I wouldn't try to prepare them by themselves, on the grill. They are very ummm, gamey tasting. 

But if you mix the breasts in with mallard, and other divers, and geese, and have summer sasusage made from it, you won't know anything but good. 

If you try to eat one by itself, just the meat, most will agree it is best prepared like carp. Bake on a pine board for some time, take out throw the carp away and eat the pine board.


----------



## Retiredducker (Oct 11, 2011)

Bellyup how do you rate them compared to the above named birds? I have found all ducks can vary greatly. I have eaten some mallards that were very strong cooked the same as others that were fine. Their current diet must determine much of that...


----------



## Bellyup (Nov 13, 2007)

I don't particulary like the taste of late divers. I do believe, like you mentioned, they taste a little more like what they eat, which can vary from state to state. When I say this, I mean by themselves, in dishes like breast meat grilled, duck nuggets, etc. I had some summer sausage from the Frankenmuth area in NoDak last year (buddy brought it) and I was sold. He said it was waterfowl, meaning goose, and all species of duck, including Mergs and Coot. It was just plain good.


----------



## Shiawassee_Kid (Nov 28, 2000)

Bellyup said:


> I don't particulary like the taste of late divers. I do believe, like you mentioned, they taste a little more like what they eat, which can vary from state to state. When I say this, I mean by themselves, in dishes like breast meat grilled, duck nuggets, etc. I had some summer sausage from the *Frankenmuth area* in NoDak last year (buddy brought it) and I was sold. He said it was waterfowl, meaning goose, and all species of duck, including Mergs and Coot. It was just plain good.

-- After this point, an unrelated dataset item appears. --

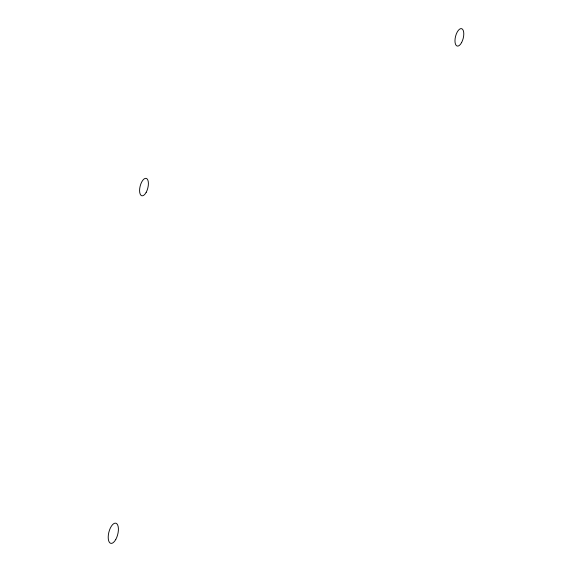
<?xml version="1.0" encoding="UTF-8"?>
<svg xmlns="http://www.w3.org/2000/svg" width="572" height="572" viewBox="0 0 572 572"><rect width="100%" height="100%" fill="white"/><g stroke="black" fill="none" stroke-linecap="round" stroke-linejoin="round"><path stroke-width="0.86" d="M146.182 192.328A8.988 3.954 -75.9 0 0 146.225 178.371A8.988 3.954 -75.9 0 0 139.582 190.526A8.988 3.954 -75.9 0 0 146.182 192.328M461.568 42.621A8.988 3.954 -75.9 0 0 461.611 28.657A8.988 3.954 -75.9 0 0 454.969 40.812A8.988 3.954 -75.9 0 0 461.568 42.621M115.751 539.51A10.389 4.569 -75.9 0 0 115.973 523.23A10.389 4.569 -75.9 0 0 108.208 537.072A10.389 4.569 -75.9 0 0 115.751 539.51"/></g></svg>

most likely from bernthals.


----------



## sswhitelightning (Dec 14, 2004)

I have seen some real beauties in the corn fields by my house in the spring, but only killed them out west. Look like mallards until you see that giant bill about to block the sunlight out of your shooting eye. I throw them in the meat pile with everything else. all ducks taste the same to me smoked. I dont breast out the mergs or coots.


----------